[[ DATA FOR ANALYSIS, beginning ]]

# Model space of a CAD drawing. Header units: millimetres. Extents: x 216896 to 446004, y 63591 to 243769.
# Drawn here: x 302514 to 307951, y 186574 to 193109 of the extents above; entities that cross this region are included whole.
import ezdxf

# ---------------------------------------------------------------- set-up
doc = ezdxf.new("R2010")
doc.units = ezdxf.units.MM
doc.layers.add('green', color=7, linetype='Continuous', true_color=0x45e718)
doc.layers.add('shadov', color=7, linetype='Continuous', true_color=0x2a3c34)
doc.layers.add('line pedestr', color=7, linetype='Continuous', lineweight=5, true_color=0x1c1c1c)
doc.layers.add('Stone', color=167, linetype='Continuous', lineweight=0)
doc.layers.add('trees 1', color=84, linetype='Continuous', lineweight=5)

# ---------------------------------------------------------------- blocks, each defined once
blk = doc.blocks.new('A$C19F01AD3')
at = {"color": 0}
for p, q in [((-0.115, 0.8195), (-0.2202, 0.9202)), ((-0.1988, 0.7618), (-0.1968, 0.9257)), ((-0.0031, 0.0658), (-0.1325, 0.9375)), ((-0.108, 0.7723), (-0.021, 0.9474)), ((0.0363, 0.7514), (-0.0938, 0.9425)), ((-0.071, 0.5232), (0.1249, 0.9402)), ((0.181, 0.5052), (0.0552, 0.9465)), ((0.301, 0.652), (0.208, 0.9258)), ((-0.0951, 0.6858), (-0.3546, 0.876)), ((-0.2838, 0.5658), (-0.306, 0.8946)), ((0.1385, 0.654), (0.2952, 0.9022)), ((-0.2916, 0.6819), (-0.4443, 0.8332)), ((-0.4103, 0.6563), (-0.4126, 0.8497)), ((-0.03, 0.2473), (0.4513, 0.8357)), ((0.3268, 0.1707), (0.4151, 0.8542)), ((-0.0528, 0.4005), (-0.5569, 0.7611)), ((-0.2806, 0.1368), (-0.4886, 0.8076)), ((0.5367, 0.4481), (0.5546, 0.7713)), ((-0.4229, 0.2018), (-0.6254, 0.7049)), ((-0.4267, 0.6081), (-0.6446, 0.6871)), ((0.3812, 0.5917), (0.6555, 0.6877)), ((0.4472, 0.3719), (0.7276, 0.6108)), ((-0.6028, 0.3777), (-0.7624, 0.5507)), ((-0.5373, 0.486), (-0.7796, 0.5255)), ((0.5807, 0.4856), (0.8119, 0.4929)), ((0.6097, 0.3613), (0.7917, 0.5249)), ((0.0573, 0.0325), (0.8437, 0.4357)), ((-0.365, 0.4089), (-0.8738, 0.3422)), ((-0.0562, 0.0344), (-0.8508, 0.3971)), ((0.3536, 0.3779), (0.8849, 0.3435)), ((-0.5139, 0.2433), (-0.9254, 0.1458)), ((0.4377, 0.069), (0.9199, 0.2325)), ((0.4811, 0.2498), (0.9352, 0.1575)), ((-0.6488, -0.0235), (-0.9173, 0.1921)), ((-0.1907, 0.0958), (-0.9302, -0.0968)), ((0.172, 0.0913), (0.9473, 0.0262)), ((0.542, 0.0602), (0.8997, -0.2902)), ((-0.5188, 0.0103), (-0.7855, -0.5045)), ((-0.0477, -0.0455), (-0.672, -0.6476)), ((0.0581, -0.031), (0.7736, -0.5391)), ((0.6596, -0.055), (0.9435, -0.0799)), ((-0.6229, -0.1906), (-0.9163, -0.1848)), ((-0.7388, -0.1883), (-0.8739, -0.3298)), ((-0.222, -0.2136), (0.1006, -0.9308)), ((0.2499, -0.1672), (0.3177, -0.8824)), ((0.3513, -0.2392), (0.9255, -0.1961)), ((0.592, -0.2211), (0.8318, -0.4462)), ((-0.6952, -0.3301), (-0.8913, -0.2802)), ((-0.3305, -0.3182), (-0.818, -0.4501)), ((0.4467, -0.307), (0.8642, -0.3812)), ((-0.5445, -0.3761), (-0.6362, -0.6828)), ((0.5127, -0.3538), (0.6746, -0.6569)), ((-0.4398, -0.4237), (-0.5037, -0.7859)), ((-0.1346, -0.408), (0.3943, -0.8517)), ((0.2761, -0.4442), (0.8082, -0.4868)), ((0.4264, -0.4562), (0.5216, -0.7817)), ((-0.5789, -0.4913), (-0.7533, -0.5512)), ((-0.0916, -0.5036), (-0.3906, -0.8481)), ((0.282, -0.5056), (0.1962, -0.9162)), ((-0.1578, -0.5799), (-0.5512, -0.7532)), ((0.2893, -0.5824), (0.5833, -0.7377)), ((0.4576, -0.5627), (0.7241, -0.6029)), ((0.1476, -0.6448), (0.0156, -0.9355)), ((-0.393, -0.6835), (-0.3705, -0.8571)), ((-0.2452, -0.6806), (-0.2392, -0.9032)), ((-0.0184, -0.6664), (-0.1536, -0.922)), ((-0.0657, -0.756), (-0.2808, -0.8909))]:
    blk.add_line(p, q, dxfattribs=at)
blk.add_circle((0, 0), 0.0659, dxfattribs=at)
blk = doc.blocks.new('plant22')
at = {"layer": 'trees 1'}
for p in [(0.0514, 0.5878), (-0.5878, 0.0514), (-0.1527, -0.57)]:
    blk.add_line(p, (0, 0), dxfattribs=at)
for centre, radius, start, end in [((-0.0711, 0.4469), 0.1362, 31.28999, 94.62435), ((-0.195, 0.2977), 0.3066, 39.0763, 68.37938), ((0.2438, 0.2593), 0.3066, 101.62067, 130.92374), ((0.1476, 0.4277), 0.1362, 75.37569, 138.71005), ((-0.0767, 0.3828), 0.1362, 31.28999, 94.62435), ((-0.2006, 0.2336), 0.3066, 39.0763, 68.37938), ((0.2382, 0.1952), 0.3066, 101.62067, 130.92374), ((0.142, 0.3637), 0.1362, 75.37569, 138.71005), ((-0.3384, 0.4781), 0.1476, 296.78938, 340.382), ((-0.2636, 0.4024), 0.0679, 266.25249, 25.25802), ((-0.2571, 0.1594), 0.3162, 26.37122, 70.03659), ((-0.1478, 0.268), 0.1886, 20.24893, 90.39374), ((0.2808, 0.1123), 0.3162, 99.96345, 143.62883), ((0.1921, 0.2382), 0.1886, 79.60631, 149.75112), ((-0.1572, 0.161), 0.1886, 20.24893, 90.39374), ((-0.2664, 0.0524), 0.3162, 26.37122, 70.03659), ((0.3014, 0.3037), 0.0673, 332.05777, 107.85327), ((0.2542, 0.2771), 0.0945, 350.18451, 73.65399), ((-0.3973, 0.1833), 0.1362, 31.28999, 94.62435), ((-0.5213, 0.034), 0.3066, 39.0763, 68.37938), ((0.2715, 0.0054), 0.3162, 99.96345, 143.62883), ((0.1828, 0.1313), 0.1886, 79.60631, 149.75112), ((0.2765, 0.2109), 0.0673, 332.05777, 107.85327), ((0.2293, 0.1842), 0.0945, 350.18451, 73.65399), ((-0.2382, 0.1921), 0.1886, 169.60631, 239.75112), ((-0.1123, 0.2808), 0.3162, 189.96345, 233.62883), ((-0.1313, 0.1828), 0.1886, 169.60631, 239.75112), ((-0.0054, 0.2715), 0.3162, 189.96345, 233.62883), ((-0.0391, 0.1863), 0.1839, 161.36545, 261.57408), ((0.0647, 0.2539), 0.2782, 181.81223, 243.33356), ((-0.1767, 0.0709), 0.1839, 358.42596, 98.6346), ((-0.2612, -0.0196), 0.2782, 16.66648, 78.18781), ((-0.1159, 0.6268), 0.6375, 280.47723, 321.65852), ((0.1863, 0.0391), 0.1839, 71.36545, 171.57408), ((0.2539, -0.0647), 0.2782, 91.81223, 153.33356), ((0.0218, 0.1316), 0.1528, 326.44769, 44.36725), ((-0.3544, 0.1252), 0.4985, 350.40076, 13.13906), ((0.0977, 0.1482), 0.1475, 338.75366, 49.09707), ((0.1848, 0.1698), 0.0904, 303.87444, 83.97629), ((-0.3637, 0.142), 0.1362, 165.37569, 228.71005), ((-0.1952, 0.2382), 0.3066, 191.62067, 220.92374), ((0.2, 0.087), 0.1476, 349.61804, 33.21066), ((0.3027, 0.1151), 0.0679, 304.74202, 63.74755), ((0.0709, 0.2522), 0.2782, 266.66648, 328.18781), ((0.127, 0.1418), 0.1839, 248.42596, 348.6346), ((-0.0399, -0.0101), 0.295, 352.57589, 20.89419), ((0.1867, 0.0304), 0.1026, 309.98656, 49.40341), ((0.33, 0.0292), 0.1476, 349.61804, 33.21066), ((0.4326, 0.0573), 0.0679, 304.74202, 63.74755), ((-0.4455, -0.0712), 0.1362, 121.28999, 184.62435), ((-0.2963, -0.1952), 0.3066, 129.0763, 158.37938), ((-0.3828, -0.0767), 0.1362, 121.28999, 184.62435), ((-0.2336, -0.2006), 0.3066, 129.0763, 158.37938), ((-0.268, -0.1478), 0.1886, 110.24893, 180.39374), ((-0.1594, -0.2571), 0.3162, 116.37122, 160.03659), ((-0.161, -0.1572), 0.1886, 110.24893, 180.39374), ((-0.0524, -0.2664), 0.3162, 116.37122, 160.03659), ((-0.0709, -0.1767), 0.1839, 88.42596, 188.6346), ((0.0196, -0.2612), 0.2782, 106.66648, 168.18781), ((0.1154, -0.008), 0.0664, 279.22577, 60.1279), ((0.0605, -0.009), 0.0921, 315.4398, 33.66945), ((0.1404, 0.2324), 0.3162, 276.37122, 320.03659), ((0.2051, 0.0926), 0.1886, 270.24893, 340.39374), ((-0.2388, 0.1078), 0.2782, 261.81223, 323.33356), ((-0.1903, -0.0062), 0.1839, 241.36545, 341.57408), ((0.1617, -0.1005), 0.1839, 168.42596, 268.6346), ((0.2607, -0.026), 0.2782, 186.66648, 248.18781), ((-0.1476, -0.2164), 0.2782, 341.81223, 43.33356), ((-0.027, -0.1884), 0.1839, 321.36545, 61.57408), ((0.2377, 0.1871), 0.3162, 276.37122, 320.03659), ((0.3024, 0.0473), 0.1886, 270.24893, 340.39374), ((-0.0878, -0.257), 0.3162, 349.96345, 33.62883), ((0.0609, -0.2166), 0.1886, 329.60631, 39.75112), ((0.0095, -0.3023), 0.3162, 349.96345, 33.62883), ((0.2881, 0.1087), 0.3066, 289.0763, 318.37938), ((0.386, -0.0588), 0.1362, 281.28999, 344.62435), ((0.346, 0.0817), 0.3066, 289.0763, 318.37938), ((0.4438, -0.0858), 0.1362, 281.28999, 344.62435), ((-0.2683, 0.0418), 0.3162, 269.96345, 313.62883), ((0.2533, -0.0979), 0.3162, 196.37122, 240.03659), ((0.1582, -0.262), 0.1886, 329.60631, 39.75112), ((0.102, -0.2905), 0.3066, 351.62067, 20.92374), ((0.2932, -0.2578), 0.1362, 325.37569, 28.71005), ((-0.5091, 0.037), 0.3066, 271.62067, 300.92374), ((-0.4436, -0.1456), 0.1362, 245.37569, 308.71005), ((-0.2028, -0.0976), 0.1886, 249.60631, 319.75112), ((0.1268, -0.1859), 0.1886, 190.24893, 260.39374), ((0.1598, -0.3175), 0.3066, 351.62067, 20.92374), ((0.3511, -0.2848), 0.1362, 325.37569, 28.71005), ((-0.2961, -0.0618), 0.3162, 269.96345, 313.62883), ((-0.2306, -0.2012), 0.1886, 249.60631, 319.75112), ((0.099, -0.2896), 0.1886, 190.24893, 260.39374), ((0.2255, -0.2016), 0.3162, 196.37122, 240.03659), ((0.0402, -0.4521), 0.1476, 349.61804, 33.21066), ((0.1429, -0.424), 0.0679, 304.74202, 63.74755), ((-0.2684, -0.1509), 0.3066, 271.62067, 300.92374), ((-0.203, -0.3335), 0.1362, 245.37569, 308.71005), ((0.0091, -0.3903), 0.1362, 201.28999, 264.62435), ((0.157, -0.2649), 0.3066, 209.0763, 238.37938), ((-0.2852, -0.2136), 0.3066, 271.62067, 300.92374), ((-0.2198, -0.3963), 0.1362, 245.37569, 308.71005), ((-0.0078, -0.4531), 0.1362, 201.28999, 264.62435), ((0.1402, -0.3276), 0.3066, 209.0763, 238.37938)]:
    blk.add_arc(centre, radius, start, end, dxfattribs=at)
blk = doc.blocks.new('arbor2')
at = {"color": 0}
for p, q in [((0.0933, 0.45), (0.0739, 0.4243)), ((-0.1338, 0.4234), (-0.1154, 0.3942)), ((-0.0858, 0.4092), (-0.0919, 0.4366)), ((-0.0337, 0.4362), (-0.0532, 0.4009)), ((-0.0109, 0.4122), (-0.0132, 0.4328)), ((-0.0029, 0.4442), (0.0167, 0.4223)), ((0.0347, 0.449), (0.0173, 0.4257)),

[[ DATA FOR ANALYSIS, end ]]

→ WHAT TO PRODUCE
All lines that contain the word "layers" should be copied from the listing.

→ OUTPUT BELOW
doc.layers.add('green', color=7, linetype='Continuous', true_color=0x45e718)
doc.layers.add('shadov', color=7, linetype='Continuous', true_color=0x2a3c34)
doc.layers.add('line pedestr', color=7, linetype='Continuous', lineweight=5, true_color=0x1c1c1c)
doc.layers.add('Stone', color=167, linetype='Continuous', lineweight=0)
doc.layers.add('trees 1', color=84, linetype='Continuous', lineweight=5)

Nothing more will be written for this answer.